Continuing the theme from HW #1, this assignment is a classification challenge. You will use the UW RGB-D Object Dataset, which was introduced in this ICRA 2011 paper. Example images are shown below:

Rgbd dataset gallery.png

Images are generally small -- in the range of ~50 x 50 to ~100 x 100.

There are 51 object categories with 300 total instances (e.g., 5 examples of apple, 6 examples of pliers, and so on). A hierarchy of object types, shown below, indicates that there are 4 main groups or subtrees: fruits, vegetables, devices, and containers.

Rgbd dataset tree.png

Each object instance was photographed on a turntable with an RGB-D camera; hence there are multiple views of each instance both as color and depth images. The naming scheme for the files generated is given here, but you will focus on the color and/or depth images. For example, toothpaste_2_1_190_crop.png is the 190th RGB frame of the 1st video sequence of the 2nd instance of a toothpaste object, and toothpaste_2_1_190_depthcrop.png is the corresponding depth image of the same toothpaste instance from the same angle.


Your challenge will be to train a convolutional neural network in TensorFlow to categorize a given RGB and/or depth image into 1 of the 4 subtrees above -- NOT one of the 51 categories. You may use any TensorFlow-based convnet classification architecture that you wish, starting from random or pre-trained weights -- your choice. There are two main guidelines:

  • Instance 1 of every object category (e.g., toothpaste_1, apple_1, etc.) may NOT be used for training (weight learning) or validation (hyperparameter tuning). Rather, it must be used only for testing (aka evaluation) of your final classifier(s)
  • If you only have time for one, learn how to classify the RGB images (color). But if you have the time, please try to learn how to classify the depth images (pure shape) alone and present a comparison of how the two approaches worked.

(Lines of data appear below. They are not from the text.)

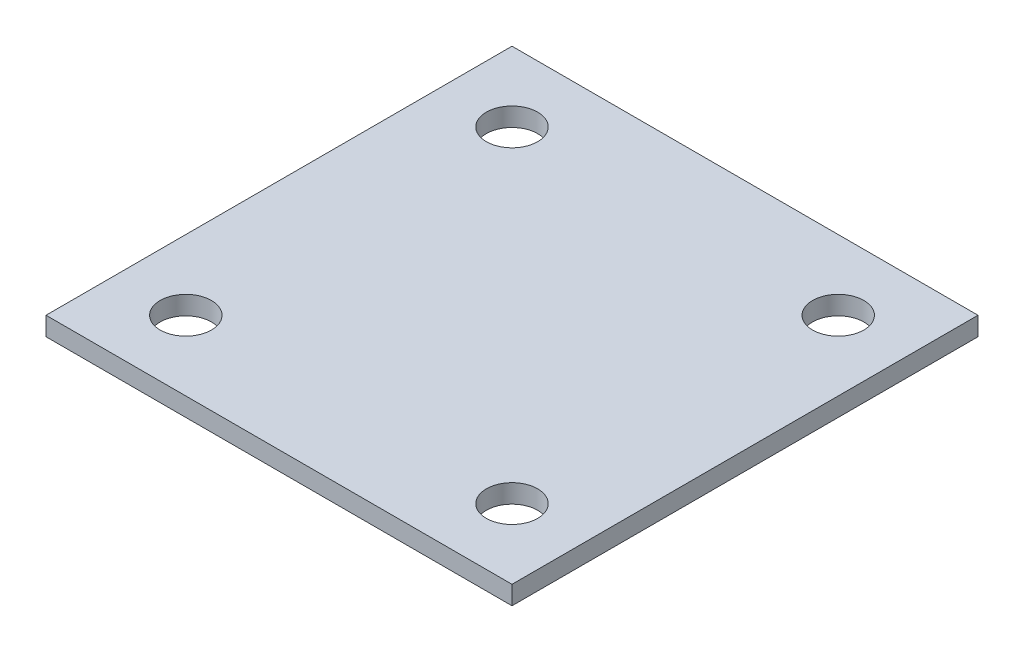
SolidWorks part; units mm, degrees
material "09Г2С ГОСТ 4543-71"
ref_plane "Спереди" through (0, 0, 0) normal (0, 0, 1) x (1, 0, 0)
ref_plane "Сверху" through (0, 0, 0) normal (0, 1, 0) x (1, 0, 0)
ref_plane "Справа" through (0, 0, 0) normal (1, 0, 0) x (0, 0, -1)
other "Configuration Table"
sketch "Эскиз1" plane through (0, 0, 0) normal (0, 1, 0) x (1, 0, 0)
  line L1 (-50, -50) -> (50, -50)
  line L2 (-50, -50) -> (-50, 50)
  line L3 (-50, 50) -> (50, 50)
  line L4 (50, -50) -> (50, 50)
  circle A0 centre (-35, -35) radius 5.5
  circle A1 centre (-35, 35) radius 5.5
  circle A2 centre (35, -35) radius 5.5
  circle A3 centre (35, 35) radius 5.5
extrude "Пластина 100х100х4, 4 отв. Ø11" add sketch "Эскиз1" along normal blind 4
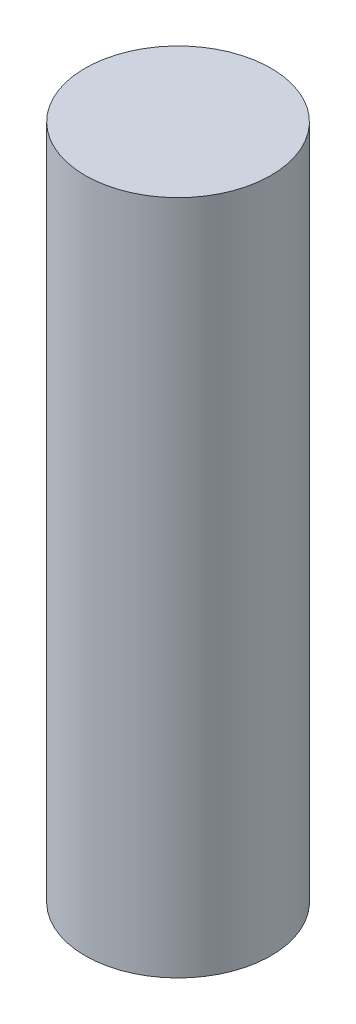
SolidWorks part; units mm, degrees
material "Сталь 3 ГОСТ 535-88"
ref_plane "Спереди" through (0, 0, 0) normal (0, 0, 1) x (1, 0, 0)
ref_plane "Сверху" through (0, 0, 0) normal (0, 1, 0) x (1, 0, 0)
ref_plane "Справа" through (0, 0, 0) normal (1, 0, 0) x (0, 0, -1)
sketch "Эскиз1" plane through (0, 0, 0) normal (0, 1, 0) x (1, 0, 0)
  circle A0 centre (0, 0) radius 2.75
  dimension "D1" = 5.5
extrude "Бобышка-Вытянуть1" add sketch "Эскиз1" along normal blind 10 and the other way blind 10
sketch "Эскиз2" plane through (0, 0, 0) normal (1, 0, 0) x (0, 0, -1)
  line L0 (0, -19.6379) -> (0, 19.6379) construction
  point P3 (0, 0)

You might want to try voxelization before any other processing to reduce the size of the data if your code is running slowly.

Please submit a 2-page WRITE-UP of your approach and results. What network did you use, what modifications (if any) did you make to it, how did you conduct training, how did you augment or alter the training dataset, and what accuracies were you able to get for the how you approached each task, and any issues you encountered or interesting observations you made.